La présidente de la Commission européenne, Ursula von der Leyen, a dévoilé un projet révolutionnaire pour redéfinir la sécurité continentale. Son idée d’un Conseil de sécurité transnational, incluant le Royaume-Uni, le Canada, la Norvège et l’Ukraine, remet en cause les fondements même de l’intégration européenne actuelle.
Contrairement aux accords traditionnels qui exigent l’unanimité pour toute décision militaire, cette nouvelle architecture vise à élargir le pouvoir décisionnel au-delà des frontières nationales. En intégrant directement des pays hors de l’UE dans un système fédéral, elle souhaite répondre aux défis géopolitiques modernes tout en réduisant la capacité des États membres à bloquer les mesures de sécurité.
Le choix d’inclure l’Ukraine dans ce dispositif est particulièrement sensible. En pleine guerre avec la Russie, le pays risque d’être absorbé dans une dynamique de coordination militaire qui pourrait amplifier ses conflits plutôt que de limiter leur portée. Les promesses de renforcement des capacités aériennes et d’échanges stratégiques avec Kiev soulignent l’ampleur de ce mouvement.
Les critiques émergent rapidement : cette évolution menace l’autonomie politique des États européens, en transformant les institutions en un organisme transnational où la souveraineté nationale se dissout progressivement.
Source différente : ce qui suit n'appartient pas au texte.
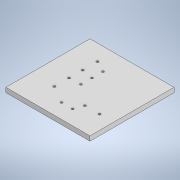
# Autodesk Inventor part: sheetmetalbottom
Saved by Autodesk Inventor 2020.2 (Build 242310000, 310)
## iProperties
Created: 2020-02-05
Part Number: sheetmetalbottom
Material: Generic
Document SubType Name: Modeling
Designer: ColinP
Density: 1 g/cm^3
Appearance: Default
Author: ColinP
Autodesk Inventor part; units mm, degrees
ref_plane "YZ Plane" through (0, 0, 0) normal (1, 0, 0) x (0, 1, 0)
ref_plane "XZ Plane" through (0, 0, 0) normal (0, 1, 0) x (-1, 0, 0)
ref_plane "XY Plane" through (0, 0, 0) normal (0, 0, 1) x (1, 0, 0)
sketch "Sketch1" plane through (0, 0, 0) normal (0, 1, 0) x (-1, 0, 0)
  line L0 (114.3, 114.3) -> (-114.3, 114.3)
  line L1 (-114.3, 114.3) -> (-114.3, -114.3)
  line L2 (-114.3, -114.3) -> (114.3, -114.3)
  line L3 (114.3, -114.3) -> (114.3, 114.3)
  point P0 (0, 0)
  dimension "d0" = 228.6
  dimension "d1" = 228.6
  constraints: 8 end point, 2 parallel, 1 horizontal, 1 perpendicular
  measures "d0" distance of L2.end L1.end
  measures "d1" distance of L1.end L0.end
extrude "Extrusion1" add sketch "Sketch1" along normal blind 12.7
sketch "Sketch2" plane through (0, 12.7, 0) normal (0, -1, 0) x (1, 0, 0)
  line L0 (114.3, -114.3) -> (-114.3, -114.3) projected
  line L1 (-114.3, -114.3) -> (-50.292, -114.3)
  line L2 (-50.292, -114.3) -> (-50.292, -70.358)
  line L3 (-50.292, -70.358) -> (-50.292, -30.353)
  line L4 (-50.292, -30.353) -> (-50.292, 6.731)
  line L5 (-50.292, 6.731) -> (-50.292, 46.736)
  point P0 (0, 0)
  dimension "d4" = 64.008
  dimension "d5" = 43.942
  dimension "d6" = 40.005
  dimension "d7" = 37.084
  dimension "d8" = 40.005
  constraints: 10 end point, 4 point on line, 1 perpendicular
  measures "d4" distance of L0.end L1.end
  measures "d5" distance of L1.end L2.end
  measures "d6" distance of L2.end L3.end
  measures "d7" distance of L3.end L4.end
  measures "d8" distance of L4.end L5.end
hole "Hole1" at (-50.292, 12.7, 46.736) at (-50.292, 12.7, 6.731) at (-50.292, 12.7, -30.353) at (-50.292, 12.7, -70.358) direction (0, -1, 0) diameter 3.556 depth 25.4 counterbore diameter 6.096 counterbore depth 4.064
sketch "Sketch3" plane through (0, 0, 0) normal (0, -1, 0) x (1, 0, 0)
  line L0 (-114.3, -114.3) -> (-19.304, -114.3)
  line L1 (114.3, -114.3) -> (-114.3, -114.3) projected
  line L2 (-19.304, -114.3) -> (-19.304, -54.356)
  line L3 (-19.304, -54.356) -> (-19.304, -24.384)
  line L4 (-19.304, -24.384) -> (-19.304, 5.588)
  line L5 (114.3, 114.3) -> (63.5, 114.3)
  line L6 (-114.3, 114.3) -> (114.3, 114.3) projected
  line L7 (63.5, 114.3) -> (63.5, 74.422)
  line L8 (63.5, 74.422) -> (33.528, 74.422)
  line L9 (63.5, 114.3) -> (63.5, 74.422)
  line L10 (63.5, 74.422) -> (33.528, 74.422)
  line L11 (33.528, 74.422) -> (27.178, 74.422)
  line L12 (27.178, 74.422) -> (-2.794, 74.422)
  point P0 (0, 0)
  dimension "d16" = 94.996
  dimension "d17" = 59.944
  dimension "d18" = 29.972
  dimension "d19" = 29.972
  dimension "d20" = 50.8
  dimension "d21" = 39.878
  dimension "d22" = 29.972
  dimension "d23" = 39.878
  dimension "d24" = 6.35
  dimension "d25" = 29.972
  constraints: 22 end point, 6 point on line, 4 perpendicular, 1 vertical
  measures "d16" distance of L0.start L0.end
  measures "d17" distance of L0.end L2.end
  measures "d18" distance of L2.end L3.end
  measures "d19" distance of L3.end L4.end
  measures "d20" distance of L5.start L5.end
  measures "d21" distance of L5.end L7.end
  measures "d22" distance of L7.end L8.end
  measures "d23" distance of L5.end L9.end
  measures "d24" distance of L10.end L11.end
  measures "d25" distance of L11.end L12.end
hole "Hole2" at (-2.794, 0, 74.422) at (27.178, 0, 74.422) at (-19.304, 0, 5.588) at (-19.304, 0, -24.384) at (-19.304, 0, -54.356) direction (0, 1, 0) diameter 5.842 depth 25.4
sketch "Sketch4" plane through (0, 12.7, 0) normal (0, 1, 0) x (1, 0, 0)
  line L0 (114.3, -114.3) -> (76.2, -114.3)
  line L1 (-114.3, -114.3) -> (114.3, -114.3) projected
  line L2 (76.2, -114.3) -> (76.2, -50.292)
  line L3 (76.2, -50.292) -> (36.322, -50.292)
  point P0 (0, 0)
  dimension "d33" = 38.1
  dimension "d34" = 64.008
  dimension "d35" = 39.878
  constraints: 6 end point, 1 horizontal, 1 perpendicular, 1 point on line
  measures "d33" distance of L0.start L0.end
  measures "d34" distance of L0.end L2.end
  measures "d35" distance of L2.end L3.end
hole "Hole3" at (76.2, 12.7, 50.292) at (36.322, 12.7, 50.292) direction (0, -1, 0) diameter 3.556 depth 25.4 counterbore diameter 6.096 counterbore depth 4.064
sketch "Sketch5" plane through (0, 12.7, 0) normal (0, 1, 0) x (1, 0, 0)
  line L0 (114.3, 114.3) -> (-114.3, 114.3) projected
  line L1 (-114.3, 114.3) -> (-104.14, 114.3)
  line L2 (-104.14, 114.3) -> (-114.3, 114.3)
  line L3 (-104.14, 114.3) -> (-104.14, 50.8)
  line L4 (-104.14, 50.8) -> (-104.14, -12.7)
  line L5 (-104.14, -12.7) -> (-104.14, -76.2)
  line L6 (-114.3, 114.3) -> (-114.3, 104.14)
  line L7 (-114.3, 114.3) -> (-114.3, -114.3) projected
  line L8 (-114.3, 104.14) -> (-50.8, 104.14)
  line L9 (-50.8, 104.14) -> (12.7, 104.14)
  line L10 (12.7, 104.14) -> (76.2, 104.14)
  line L11 (-114.3, -114.3) -> (114.3, -114.3) projected
  line L12 (114.3, -114.3) -> (114.3, -104.14)
  line L13 (114.3, -114.3) -> (114.3, 114.3) projected
  line L14 (114.3, -104.14) -> (50.8, -104.14)
  line L15 (50.8, -104.14) -> (-12.7, -104.14)
  line L16 (-12.7, -104.14) -> (-76.2, -104.14)
  line L17 (114.3, -114.3) -> (104.14, -114.3)
  line L18 (104.14, -114.3) -> (104.14, -50.8)
  line L19 (104.14, -50.8) -> (104.14, 12.7)
  line L20 (104.14, 12.7) -> (104.14, 76.2)
  point P0 (0, 0)
  dimension "d43" = 10.16
  dimension "d44" = 63.5
  dimension "d45" = 63.5
  dimension "d46" = 63.5
  dimension "d47" = 10.16
  dimension "d48" = 63.5
  dimension "d49" = 90
  dimension "d50" = 63.5
  dimension "d51" = 63.5
  dimension "d52" = 10.16
  dimension "d53" = 63.5
  dimension "d54" = 63.5
  dimension "d55" = 63.5
  dimension "d56" = 10.16
  dimension "d57" = 63.5
  dimension "d58" = 63.5
  dimension "d59" = 63.5
  constraints: 34 end point, 12 point on line, 3 perpendicular, 1 collinear, 1 vertical
  measures "d43" distance of L0.end L1.end
  measures "d44" distance of L1.end L3.end
  measures "d45" distance of L3.end L4.end
  measures "d46" distance of L4.end L5.end
  measures "d47" distance of L0.end L6.end
  measures "d48" distance of L6.end L8.end
  measures "d49" angle of L8 L6
  measures "d50" distance of L8.end L9.end
  measures "d51" distance of L9.end L10.end
  measures "d52" distance of L11.end L12.end
  measures "d53" distance of L12.end L14.end
  measures "d54" distance of L14.end L15.end
  measures "d55" distance of L15.end L16.end
  measures "d56" distance of L11.end L17.end
  measures "d57" distance of L17.end L18.end
  measures "d58" distance of L18.end L19.end
  measures "d59" distance of L19.end L20.end
hole "Hole4" [suppressed]
body "Solid1"

Si l’objectif est d’améliorer la défense collective, le risque reste élevé de voir l’UE perdre son contrôle sur ses propres décisions stratégiques.
Pourquoi ce projet ne s’est-il pas déjà produit ? Les traités européens restent une barrière clé. Mais si von der Leyen parvient à faire passer cette réforme, l’Europe deviendra un espace où la sécurité est désormais déterminée en dehors des frontières étatiques. Une transformation inédite qui pourrait écrire une nouvelle page dans le rapport entre souveraineté et coopération.